# Happy Birthday Chef Jimmy



## scarbelly (Jun 4, 2012)

Hey you old fart - hope it is a good one for you !!


----------



## solaryellow (Jun 4, 2012)

Happy birthday JJ! Thumbs Up


----------



## jrod62 (Jun 4, 2012)

HAPPY BIRTHDAY !!!!!!  :yahoo:


----------



## smokinhusker (Jun 4, 2012)

Happy Birthday Jimmy! Hope it's a good one!


----------



## big twig (Jun 4, 2012)

HAPPY B-DAY CHEF!


----------



## badbob (Jun 4, 2012)

HAPPY BIRTHDAY!!!!!!!!


----------



## bmudd14474 (Jun 4, 2012)

Have a great Day JJ


----------



## s2k9k (Jun 4, 2012)

Here's to you JJ! Happy Birthday!!!


----------



## daveomak (Jun 4, 2012)

Happy birthday JJ...  Almost time to join AARP... LOL..  Dave


----------



## venture (Jun 4, 2012)

Another one, JJ?  Make it a great one!

Good luck and good smoking.


----------



## shoneyboy (Jun 4, 2012)

hope you have a great one 
	

	
	
		
		



		
		
	


	





.....


----------



## BGKYSmoker (Jun 4, 2012)

Happy Birthday JJ


----------



## tjohnson (Jun 4, 2012)

Happy Birthday You Old Fart

Todd


----------



## oldschoolbbq (Jun 4, 2012)

Jimmy, I have you a B-day present in your in box.....

TRY and ENJOY...

Stan      aka      oldschoolbbq   ;}-


----------



## eppo (Jun 4, 2012)

Happy birthday, and thanks again for all your assistance on these boards!


----------



## diggingdogfarm (Jun 4, 2012)

Happy Birthday!!!!

How does it feel to be 18 with 32 years of additional experience? LOL

Yikes, I'm only about 3 years behind you!!!!!  :icon_eek:

~Martin


----------



## michael ark (Jun 4, 2012)

Happy birthday Chef!:yahoo:  let me guess 29 and holding.:biggrin:


----------



## dewetha (Jun 4, 2012)

Happy birthday!


----------



## deersmoker58 (Jun 4, 2012)

Happy Birthday!  39...again!


----------



## ritamcd (Jun 4, 2012)

Hope you had a great day!!


----------



## jp61 (Jun 4, 2012)

Happy Birthday Chef JJ, hope you had a wonderful day!


----------



## pineywoods (Jun 4, 2012)

Happy Birthday JJ hope your having a great one


----------



## davidhef88 (Jun 4, 2012)

Happb b-day Chef!!!   Hope you had a great day.


----------



## ironhorse07 (Jun 4, 2012)

Hope it is a great one!


----------



## chef jimmyj (Jun 4, 2012)

Thank You to everyone! It was a Great Day... Had Great Company, just me and the Mrs., plenty of Cold Beer, Good Weather and a batch of Pit Chicken. So far hittin' 50 ain't so Bad!...JJ


----------



## scarbelly (Jun 4, 2012)

I called AARP today so they are on to you


----------



## chef jimmyj (Jun 4, 2012)

Scarbelly said:


> I called AARP today so they are on to you


You would know all about AARP Gary...As old as You Are, you must be a Charter Member by now!...JJ


----------



## venture (Jun 5, 2012)

Just another bitter old man!


----------



## DanMcG (Jun 5, 2012)

Hey JJ, Happy Birthday, glad to hear it was a good one!


----------



## rocor98 (Jun 5, 2012)

Happy belated ...

Really appreciate your involvement on this form ..  I had my first taste of real q the other day thanks to you and others here .. Waited 59 years for it .. Well I bought my MES in January , so I was really only drooling for 5 months ...  

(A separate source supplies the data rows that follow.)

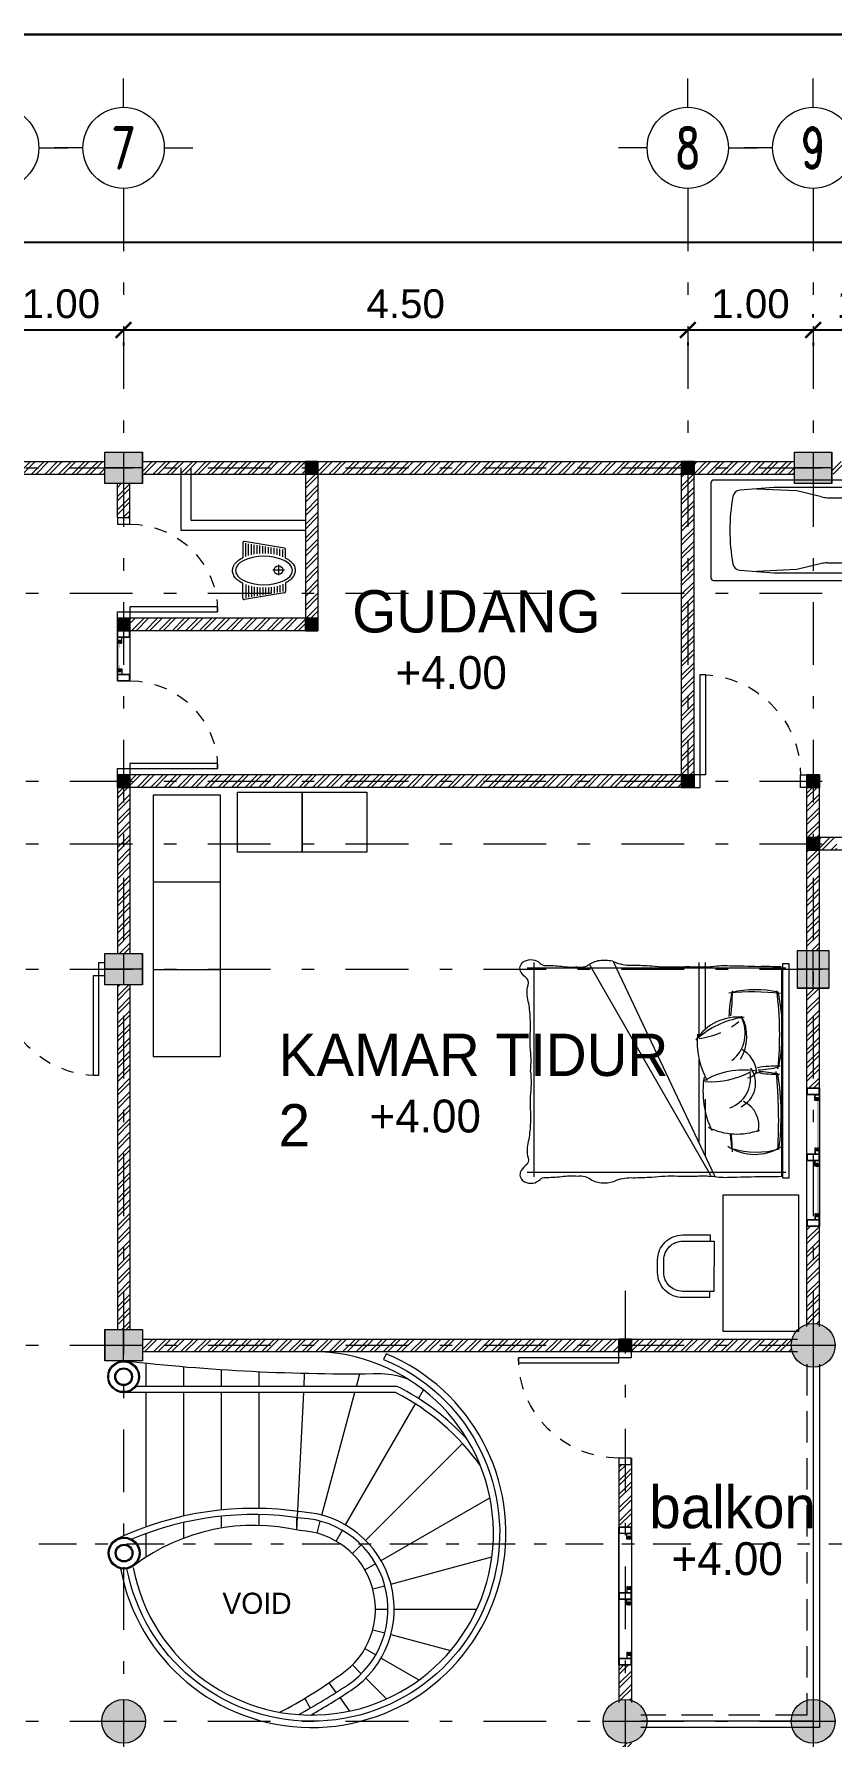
# Model space of a CAD drawing. Header units: millimetres. Extents: x -667 to -468, y -723 to -475.
# Drawn here: x -648.36 to -642, y -542.4 to -528.81 of the extents above; entities that cross this region are included whole.
import ezdxf
from ezdxf.enums import TextEntityAlignment as Align

# ---------------------------------------------------------------- set-up
doc = ezdxf.new("R2010")
doc.units = ezdxf.units.MM
for name, pattern in [('CENTER', [2, 1.25, -0.25, 0.25, -0.25]), ('DASHDOT', [1, 0.5, -0.25, 0, -0.25]), ('DASHED2', [0.375, 0.25, -0.125]), ('HIDDEN', [0.375, 0.25, -0.125])]:
    doc.linetypes.add(name, pattern=pattern)
doc.layers.get('0').update_dxf_attribs({"lineweight": 9})
doc.layers.get('Defpoints').update_dxf_attribs({"lineweight": 0})
for name, color, linetype, lineweight in [('BLOCK', 231, 'Continuous', 5), ('COLUMN', 11, 'Continuous', 9), ('dinding', 36, 'Continuous', 9), ('DOOR', 6, 'Continuous', 5), ('Furniture', 172, 'Continuous', 0), ('GRID', 250, 'CENTER', 0), ('HIDDEN', 9, 'HIDDEN', 5), ('NOT-AS1', 2, 'Continuous', 5), ('NOT-AS2', 5, 'Continuous', 5), ('NOTASI', 250, 'Continuous', 5), ('pintu', 6, 'Continuous', 5), ('TEXT', 26, 'Continuous', 5)]:
    doc.layers.add(name, color=color, linetype=linetype, lineweight=lineweight)
doc.layers.add('KOP', color=1, linetype='Continuous')
doc.styles.get("Standard").update_dxf_attribs({"font": 'arial.ttf'})
doc.styles.add('SUBTITLE-200', font='ROMAND.shx', dxfattribs={"width": 0.7, "height": 600})
doc.dimstyles.new('Copy of 1-100', dxfattribs={"dimtxt": 0.23, "dimasz": 0.125, "dimexe": 0.125, "dimexo": 0.1, "dimgap": 0.09, "dimtad": 1, "dimtoh": 1, "dimzin": 0, "dimdsep": 46, "dimtxsty": 'Standard', "dimblk": 'ARCHTICK', "dimcen": 0.09, "dimdle": 0.125, "dimclrt": 2, "dimadec": 0, "dimazin": 0, "dimtfac": 1, "dimtofl": 0, "dimtmove": 0, "dimatfit": 3, "dimldrblk": 'ARCHTICK', "dimfxl": 1, "dimtolj": 1, "dimtzin": 0, "dimarcsym": 0})

# ---------------------------------------------------------------- blocks, each defined once
blk = doc.blocks.new('EW2433')
at = {"layer": 'KOP', "color": 11, "ltscale": 0.1}
for p, q in [((483.0215, -195.9497), (500.4465, -195.9497)), ((500.4441, -195.9522), (483.0239, -195.9522))]:
    blk.add_line(p, q, dxfattribs=at)
blk = doc.blocks.new('FFFF')
at = {"layer": 'NOTASI', "ltscale": 0.01}
h = blk.add_hatch(color=256, dxfattribs=at)
h.paths.add_polyline_path([(-508.37, -250.991), (-508.495, -250.991), (-508.495, -251.141), (-508.37, -251.141)])
h.paths.add_polyline_path([(-508.37, -251.141), (-508.495, -251.141), (-508.495, -251.291), (-508.37, -251.291)])
h.paths.add_polyline_path([(-508.495, -251.141), (-508.62, -251.141), (-508.62, -251.291), (-508.495, -251.291)])
h.paths.add_polyline_path([(-508.495, -250.991), (-508.62, -250.991), (-508.62, -251.141), (-508.495, -251.141)])
at = {"ltscale": 0.01}
for p, q in [((-508.37, -250.991), (-508.62, -250.991)), ((-508.495, -250.991), (-508.495, -251.291)), ((-508.62, -251.141), (-508.37, -251.141))]:
    blk.add_line(p, q, dxfattribs=at)
blk.add_lwpolyline([(-508.62, -250.991), (-508.37, -250.991), (-508.37, -251.291), (-508.62, -251.291)], close=True, dxfattribs=at)
blk = doc.blocks.new('kolommm bulat')
at = {"layer": 'NOTASI'}
h = blk.add_hatch(color=256, dxfattribs=at)
h.paths.add_polyline_path([(-808.914, -494.931), (-808.914, -495.106), (-808.739, -495.106, 0.414214)])
h.paths.add_polyline_path([(-808.914, -494.931, 0.414214), (-809.089, -495.106), (-808.914, -495.106)])
h.paths.add_polyline_path([(-808.914, -495.106), (-809.089, -495.106, 0.414214), (-808.914, -495.281)])
h.paths.add_polyline_path([(-808.739, -495.106), (-808.914, -495.106), (-808.914, -495.281, 0.414214)])
for p, q in [((-808.914, -494.931), (-808.914, -495.281)), ((-809.089, -495.106), (-808.739, -495.106))]:
    blk.add_line(p, q)
blk.add_circle((-808.914, -495.106), 0.175)
blk = doc.blocks.new('32')
at = {"layer": 'NOTASI'}
h = blk.add_hatch(color=256, dxfattribs=at)
h.paths.add_polyline_path([(2106.822, 191.47), (2106.772, 191.47), (2106.772, 191.42), (2106.822, 191.42)])
h.paths.add_polyline_path([(2106.872, 191.47), (2106.822, 191.47), (2106.822, 191.42), (2106.872, 191.42)])
h.paths.add_polyline_path([(2106.872, 191.42), (2106.822, 191.42), (2106.822, 191.37), (2106.872, 191.37)])
h.paths.add_polyline_path([(2106.822, 191.42), (2106.772, 191.42), (2106.772, 191.37), (2106.822, 191.37)])
at = {"layer": 'BLOCK'}
for p, q in [((2106.772, 191.42), (2106.872, 191.42)), ((2106.822, 191.47), (2106.822, 191.37))]:
    blk.add_line(p, q, dxfattribs=at)
blk.add_lwpolyline([(2106.872, 191.47), (2106.772, 191.47), (2106.772, 191.37), (2106.872, 191.37)], close=True, dxfattribs=at)
blk = doc.blocks.new('rtg')
for p, q in [((538.701, 41.037), (538.701, 41.651)), ((539.171, 41.701), (538.751, 41.701)), ((539.221, 41.037), (539.221, 41.651)), ((538.695, 40.99), (538.647, 40.793)), ((539.227, 40.99), (539.274, 40.793)), ((538.647, 40.793), (538.632, 40.474)), ((539.274, 40.793), (539.29, 40.474))]:
    blk.add_line(p, q)
for points in [[(539.361, 41.788, 0.414214), (539.341, 41.808), (538.581, 41.808, 0.414214), (538.561, 41.788), (538.561, 40.128, 0.414214), (538.581, 40.108), (539.341, 40.108, 0.414214), (539.361, 40.128)], [(539.301, 40.625), (539.301, 41.668, 0.414214), (539.251, 41.718), (538.671, 41.718, 0.414214), (538.621, 41.668), (538.621, 40.625, 0.018977), (538.621, 40.61), (538.642, 40.337, 0.340389), (538.691, 40.283, 0.091529), (539.231, 40.283, 0.340389), (539.279, 40.337), (539.3, 40.61, 0.018977)], [(538.926, 41.573, -1), (538.996, 41.573, -1)], [(538.986, 41.573, 1), (538.936, 41.573, 1)], [(538.936, 41.573, -1), (538.986, 41.573, -1)]]:
    blk.add_lwpolyline(points, format="xyb", close=True)
for radius in [0.035, 0.025]:
    blk.add_circle((538.961, 41.573), radius)
for centre, radius, start, end in [((538.751, 41.651), 0.05, 90, 180), ((539.171, 41.651), 0.05, 0, 90), ((538.501, 41.037), 0.2, 346.3541, 0), ((538.501, 41.037), 0.2, 346.3541, 0), ((539.421, 41.037), 0.2, 180, 193.6459)]:
    blk.add_arc(centre, radius, start, end)
blk = doc.blocks.new('*U614')
for points in [[(81823, 24533), (81823, 25333), (81783, 25333), (81783, 24533)], [(80973, 24433), (81023, 24433), (81023, 24533), (80973, 24533)], [(81823, 24533), (81873, 24533), (81873, 24433), (81823, 24433)]]:
    blk.add_lwpolyline(points, close=True)
at = {"layer": 'HIDDEN'}
blk.add_arc((81823, 24533), 800, 90, 180, dxfattribs=at)
blk = doc.blocks.new('*U566')
for points in [[(81073, 24533), (81123, 24533), (81123, 24433), (81073, 24433)], [(81823, 24433), (81873, 24433), (81873, 24533), (81823, 24533)], [(81823, 24433), (81823, 23733), (81783, 23733), (81783, 24433)]]:
    blk.add_lwpolyline(points, close=True)
at = {"layer": 'HIDDEN'}
blk.add_arc((81823, 24433), 700, 180, 270, dxfattribs=at)
blk = doc.blocks.new('e')
for p, q in [((208.478, -87.001), (208.478, -86.933)), ((208.488, -86.922), (208.806, -86.869)), ((208.501, -86.99), (208.501, -86.932)), ((208.524, -86.982), (208.524, -86.928)), ((208.546, -86.976), (208.546, -86.924)), ((208.569, -86.971), (208.569, -86.92)), ((208.592, -86.967), (208.592, -86.916)), ((208.614, -86.965), (208.614, -86.913)), ((208.637, -86.964), (208.637, -86.909)), ((208.66, -86.964), (208.66, -86.905)), ((208.683, -86.965), (208.683, -86.901)), ((208.705, -86.967), (208.705, -86.897)), ((208.728, -86.97), (208.728, -86.894)), ((208.751, -86.974), (208.751, -86.89)), ((208.774, -86.981), (208.774, -86.886)), ((208.796, -86.988), (208.796, -86.882)), ((208.819, -86.88), (208.819, -86.998)), ((208.478, -87.199), (208.478, -87.267)), ((208.501, -87.21), (208.501, -87.268)), ((208.796, -87.212), (208.796, -87.318)), ((208.819, -87.32), (208.819, -87.202)), ((208.488, -87.278), (208.806, -87.331)), ((208.524, -87.218), (208.524, -87.272)), ((208.546, -87.224), (208.546, -87.276)), ((208.569, -87.229), (208.569, -87.28)), ((208.592, -87.233), (208.592, -87.284)), ((208.614, -87.235), (208.614, -87.287)), ((208.637, -87.236), (208.637, -87.291)), ((208.66, -87.236), (208.66, -87.295)), ((208.683, -87.235), (208.683, -87.299)), ((208.705, -87.233), (208.705, -87.303)), ((208.728, -87.23), (208.728, -87.306)), ((208.751, -87.226), (208.751, -87.31)), ((208.774, -87.219), (208.774, -87.314))]:
    blk.add_line(p, q)
for centre, start, end in [((208.489, -86.933), 99.4623, 180), ((208.808, -86.88), 0, 99.4623), ((208.489, -87.267), 180, 260.5377), ((208.808, -87.32), 260.5377, 0)]:
    blk.add_arc(centre, 0.0114, start, end)
at = {"extrusion": (0, 0, -1)}
blk.add_ellipse((208.651, -87.1), major_axis=(-0.227, 0), ratio=0.5, start_param=3.141593, end_param=9.424778, dxfattribs=at)
for points, knots in [([(208.478, -87.199), (208.47, -87.195), (208.463, -87.191), (208.447, -87.18), (208.439, -87.174), (208.427, -87.162), (208.422, -87.156), (208.415, -87.145), (208.411, -87.14), (208.406, -87.129), (208.405, -87.124), (208.402, -87.114), (208.402, -87.108), (208.401, -87.098), (208.402, -87.093), (208.403, -87.083), (208.404, -87.078), (208.408, -87.068), (208.41, -87.063), (208.415, -87.054), (208.418, -87.049), (208.425, -87.041), (208.429, -87.036), (208.44, -87.025), (208.449, -87.018), (208.465, -87.008), (208.471, -87.004), (208.478, -87.001)], [8.653065, 8.653065, 8.653065, 8.653065, 8.790224, 8.790224, 8.964083, 8.964083, 9.08625, 9.08625, 9.208417, 9.208417, 9.306285, 9.306285, 9.404152, 9.404152, 9.50202, 9.50202, 9.599888, 9.599888, 9.697756, 9.697756, 9.795624, 9.795624, 9.893492, 9.893492, 10.078458, 10.078458, 10.19649, 10.19649, 10.19649, 10.19649]), ([(208.819, -86.998), (208.829, -87.003), (208.838, -87.008), (208.856, -87.02), (208.865, -87.027), (208.877, -87.039), (208.881, -87.044), (208.889, -87.055), (208.892, -87.061), (208.896, -87.072), (208.898, -87.077), (208.9, -87.087), (208.901, -87.092), (208.901, -87.098), (208.901, -87.099), (208.901, -87.1), (208.901, -87.104), (208.901, -87.109), (208.899, -87.118), (208.898, -87.122), (208.895, -87.131), (208.894, -87.135), (208.89, -87.143), (208.887, -87.147), (208.882, -87.154), (208.879, -87.158), (208.869, -87.169), (208.862, -87.176), (208.845, -87.188), (208.835, -87.194), (208.823, -87.2), (208.821, -87.201), (208.819, -87.202)], [5.479622, 5.479622, 5.479622, 5.479622, 5.644933, 5.644933, 5.829898, 5.829898, 5.949882, 5.949882, 6.069866, 6.069866, 6.167624, 6.167624, 6.265382, 6.265382, 6.283185, 6.283185, 6.283185, 6.367331, 6.367331, 6.451477, 6.451477, 6.535622, 6.535622, 6.619768, 6.619768, 6.703914, 6.703914, 6.877773, 6.877773, 7.051632, 7.051632, 7.086748, 7.086748, 7.086748, 7.086748])]:
    blk.add_open_spline(points, degree=3, knots=knots)
at = {"layer": 'Furniture'}
for points in [[(208.535, -87.144), (208.535, -87.063)], [(208.488, -87.103), (208.581, -87.103)]]:
    blk.add_lwpolyline(points, dxfattribs=at)
blk.add_circle((208.535, -87.103), 0.0352, dxfattribs=at)
blk = doc.blocks.new('rdde')
at = {"layer": 'Furniture'}
for p, q in [((519.25, -125.046), (521.312, -125.046)), ((519.28, -125.011), (519.28, -126.679)), ((519.813, -125.012), (520.62, -126.722)), ((519.847, -125.021), (520.809, -126.697)), ((521.257, -125.011), (521.257, -126.722)), ((519.889, -125.174), (519.889, -125.631)), ((519.94, -125.282), (519.94, -125.943)), ((519.889, -126.19), (519.889, -126.722)), ((519.94, -126.138), (519.94, -126.722)), ((519.25, -126.676), (521.312, -126.676))]:
    blk.add_line(p, q, dxfattribs=at)
for points in [[(521.285, -125.852, -0.04576), (521.287, -125.653, 0.026973), (521.289, -125.566, -0.036947), (521.287, -125.428, -0.036442), (521.303, -125.293, 0.141351), (521.305, -125.162, -0.342539), (521.325, -125.1, 0.123892), (521.367, -125.046, 0.37589), (521.333, -124.972, 0.329446), (521.209, -124.989, -0.211134), (521.168, -125.006, 0.026504), (521.039, -125.013, -0.06219), (520.912, -125.017, -0.218233), (520.796, -124.985, 0.123513), (520.696, -124.963, 0.129887), (520.6, -124.984, -0.095063), (520.467, -125.004, 0.016498), (520.317, -125.009, -0.039412), (520.111, -125.017, 0.025508), (519.957, -125.017, -0.038458), (519.834, -125.015, 0.058958), (519.697, -125.008, 0.00267), (519.468, -125.013, 0.015571), (519.285, -125.015)], [(521.285, -125.852, 0.04576), (521.287, -126.05, -0.026973), (521.289, -126.138, 0.036947), (521.287, -126.275, 0.036442), (521.303, -126.41, -0.141351), (521.305, -126.541, 0.342539), (521.325, -126.604, -0.123892), (521.367, -126.657, -0.37589), (521.333, -126.731, -0.329446), (521.209, -126.714, 0.211134), (521.168, -126.697, -0.026504), (521.039, -126.691, 0.06219), (520.912, -126.686, 0.218233), (520.796, -126.719, -0.123513), (520.696, -126.74, -0.129887), (520.6, -126.719, 0.095063), (520.467, -126.699, -0.016498), (520.317, -126.694, 0.039412), (520.111, -126.686, -0.025508), (519.957, -126.686, 0.038458), (519.834, -126.689, -0.058958), (519.697, -126.695, -0.00267), (519.468, -126.69, -0.015571), (519.285, -126.688)]]:
    blk.add_lwpolyline(points, format="xyb", dxfattribs=at)
blk.add_lwpolyline([(519.274, -124.999), (519.274, -126.714), (519.226, -126.714), (519.226, -124.999)], close=True, dxfattribs=at)
for centre, radius, start, end in [((521.384, -125.503), 2.098, 172.5734, 189.066), ((519.496, -125.579), 0.389, 56.1664, 122.49), ((519.485, -125.87), 0.662, 72.8591, 106.0737), ((523.271, -125.461), 3.965, 176.6031, 185.6342), ((540.109, -123.849), 20.481, 183.8144, 184.2138), ((517.008, -125.617), 2.699, 5.5772, 8.0827), ((519.639, -125.865), 0.513, 63.4974, 110.6974), ((519.674, -125.421), 0.21, 166.0808, 245.2477), ((519.203, -125.69), 0.707, 350.6526, 26.04), ((519.698, -125.757), 0.208, 116.1579, 215.8329), ((519.778, -125.795), 0.248, 109.1658, 191.9587), ((519.585, -125.238), 0.625, 260.8023, 301.3458), ((519.845, -126.429), 0.659, 85.8503, 118.9544), ((519.32, -126.089), 0.637, 354.533, 29.0533), ((520.658, -126.174), 1.382, 168.0701, 193.0075), ((519.335, -125.148), 0.746, 266.877, 280.8333), ((521.936, -126.15), 2.638, 173.9603, 187.5336), ((519.328, -126.567), 0.738, 78.5233, 92.1739), ((519.491, -126.6), 0.736, 91.6124, 104.6566), ((519.497, -124.853), 0.997, 259.3055, 268.1663), ((519.716, -125.821), 0.237, 183.4939, 241.8004), ((519.562, -125.89), 0.0899, 94.1026, 149.8866), ((519.905, -126.128), 0.345, 148.6655, 208.3596), ((519.851, -126.157), 0.278, 128.1293, 208.1124), ((519.631, -125.888), 0.397, 263, 327.6738), ((519.505, -125.622), 0.665, 278.5376, 312.6799), ((520.005, -126.706), 0.594, 96.1461, 113.7018), ((520.005, -126.706), 0.594, 123.049, 130.0492), ((521.644, -126.507), 1.969, 173.7893, 179.6152), ((518.149, -126.202), 1.557, 349.6594, 356.7895), ((519.506, -124.573), 1.913, 263.5293, 275.9065), ((519.488, -125.631), 0.872, 258.2565, 282.6825)]:
    blk.add_arc(centre, radius, start, end, dxfattribs=at)
blk = doc.blocks.new('DDDDEWWW')
at = {"layer": 'Furniture', "ltscale": 0.6}
for p, q in [((462.872, -118.147), (462.922, -118.147)), ((463.372, -118.148), (463.322, -118.148))]:
    blk.add_line(p, q, dxfattribs=at)
at = {"layer": 'Furniture', "lineweight": 13}
blk.add_lwpolyline([(463.372, -118.148), (463.372, -118.366, -0.414214), (463.171, -118.566), (463.071, -118.566, -0.414214), (462.872, -118.365), (462.872, -118.147)], format="xyb", dxfattribs=at)
blk.add_lwpolyline([(462.922, -118.115), (463.322, -118.116), (463.322, -118.366, -0.414214), (463.171, -118.516), (463.071, -118.516, -0.414214), (462.922, -118.365)], format="xyb", close=True, dxfattribs=at)
blk = doc.blocks.new('*U248')
for points in [[(81823, 24533), (81823, 25333), (81783, 25333), (81783, 24533)], [(80973, 24433), (81023, 24433), (81023, 24533), (80973, 24533)], [(81823, 24533), (81873, 24533), (81873, 24433), (81823, 24433)]]:
    blk.add_lwpolyline(points, close=True)
at = {"layer": 'HIDDEN'}
blk.add_arc((81823, 24533), 800, 90, 180, dxfattribs=at)
blk = doc.blocks.new('FGRREE')
h = blk.add_hatch()
h.set_pattern_fill('ANSI31', color=30, scale=0.02, angle=-270, style=0)
h.set_pattern_definition([(315, (-2744.3127359, 687.6925603), (0.0017677669529, 0.0017677669529), [])])
h.paths.add_polyline_path([(-685.492, -507.082), (-685.492, -507.084, -0.354282), (-685.489, -507.086), (-685.489, -507.066), (-685.497, -507.066), (-685.497, -507.082)])
h.paths.add_polyline_path([(-685.481, -507.066), (-685.489, -507.066), (-685.489, -507.086, -0.354282), (-685.486, -507.084), (-685.486, -507.082), (-685.481, -507.082)])
h = blk.add_hatch()
h.set_pattern_fill('ANSI31', color=30, scale=0.02, angle=-270, style=0)
h.set_pattern_definition([(45, (-2744.3127359, -1702.0687045), (0.0017677669529, -0.0017677669529), [])])
h.paths.add_polyline_path([(-685.492, -507.295), (-685.492, -507.293, 0.354282), (-685.489, -507.291), (-685.489, -507.311), (-685.497, -507.311), (-685.497, -507.295)])
h.paths.add_polyline_path([(-685.481, -507.311), (-685.489, -507.311), (-685.489, -507.291, 0.354282), (-685.486, -507.293), (-685.486, -507.295), (-685.481, -507.295)])
for points in [[(-685.408, -507.038), (-685.408, -506.988), (-685.508, -506.988), (-685.508, -507.038)], [(-685.408, -506.988), (-685.408, -507.388), (-685.508, -507.388), (-685.508, -506.988)], [(-685.41, -507.036), (-685.41, -506.99), (-685.506, -506.99), (-685.506, -507.036)], [(-685.479, -507.064), (-685.479, -507.084), (-685.473, -507.084), (-685.473, -507.04), (-685.506, -507.04), (-685.506, -507.084), (-685.499, -507.084), (-685.499, -507.064)], [(-685.408, -507.388), (-685.408, -507.338), (-685.508, -507.338), (-685.508, -507.388)], [(-685.479, -507.313), (-685.479, -507.293), (-685.473, -507.293), (-685.473, -507.336), (-685.506, -507.336), (-685.506, -507.293), (-685.499, -507.293), (-685.499, -507.313)], [(-685.41, -507.386), (-685.41, -507.34), (-685.506, -507.34), (-685.506, -507.386)]]:
    blk.add_lwpolyline(points, close=True)
for points in [[(-685.483, -507.084), (-685.481, -507.084), (-685.486, -507.084), (-685.481, -507.084), (-685.481, -507.086), (-685.471, -507.086), (-685.471, -507.038), (-685.508, -507.038), (-685.508, -507.086), (-685.497, -507.086), (-685.497, -507.084), (-685.492, -507.084), (-685.497, -507.084)], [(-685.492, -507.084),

It is posters like you that make it easy for us new smokers ... And I mean easy

Ross


----------



## sam3 (Jun 5, 2012)

Happy Birthday to my Joisey Brotha.


----------



## chef jimmyj (Jun 6, 2012)

Thanks so much Dan, Ross and Sam...JJ


----------



## whistlepig (Jun 6, 2012)

Happy birthday JJ. Thanks for all your help.


----------



## africanmeat (Jun 6, 2012)

*Happy Birthday my Friend*


----------



## chef jimmyj (Jun 6, 2012)

Thanks Guys...JJ


----------



## frosty (Jun 6, 2012)

A Happy Belated Birthday Chef JJ!  Hope they treat you as well during the rest of the year!


----------



## sprky (Jun 6, 2012)

Sorry it's late but wanted to wish you a very happy Birthday. Hope your day was GREAT.


----------



## boykjo (Jun 6, 2012)




----------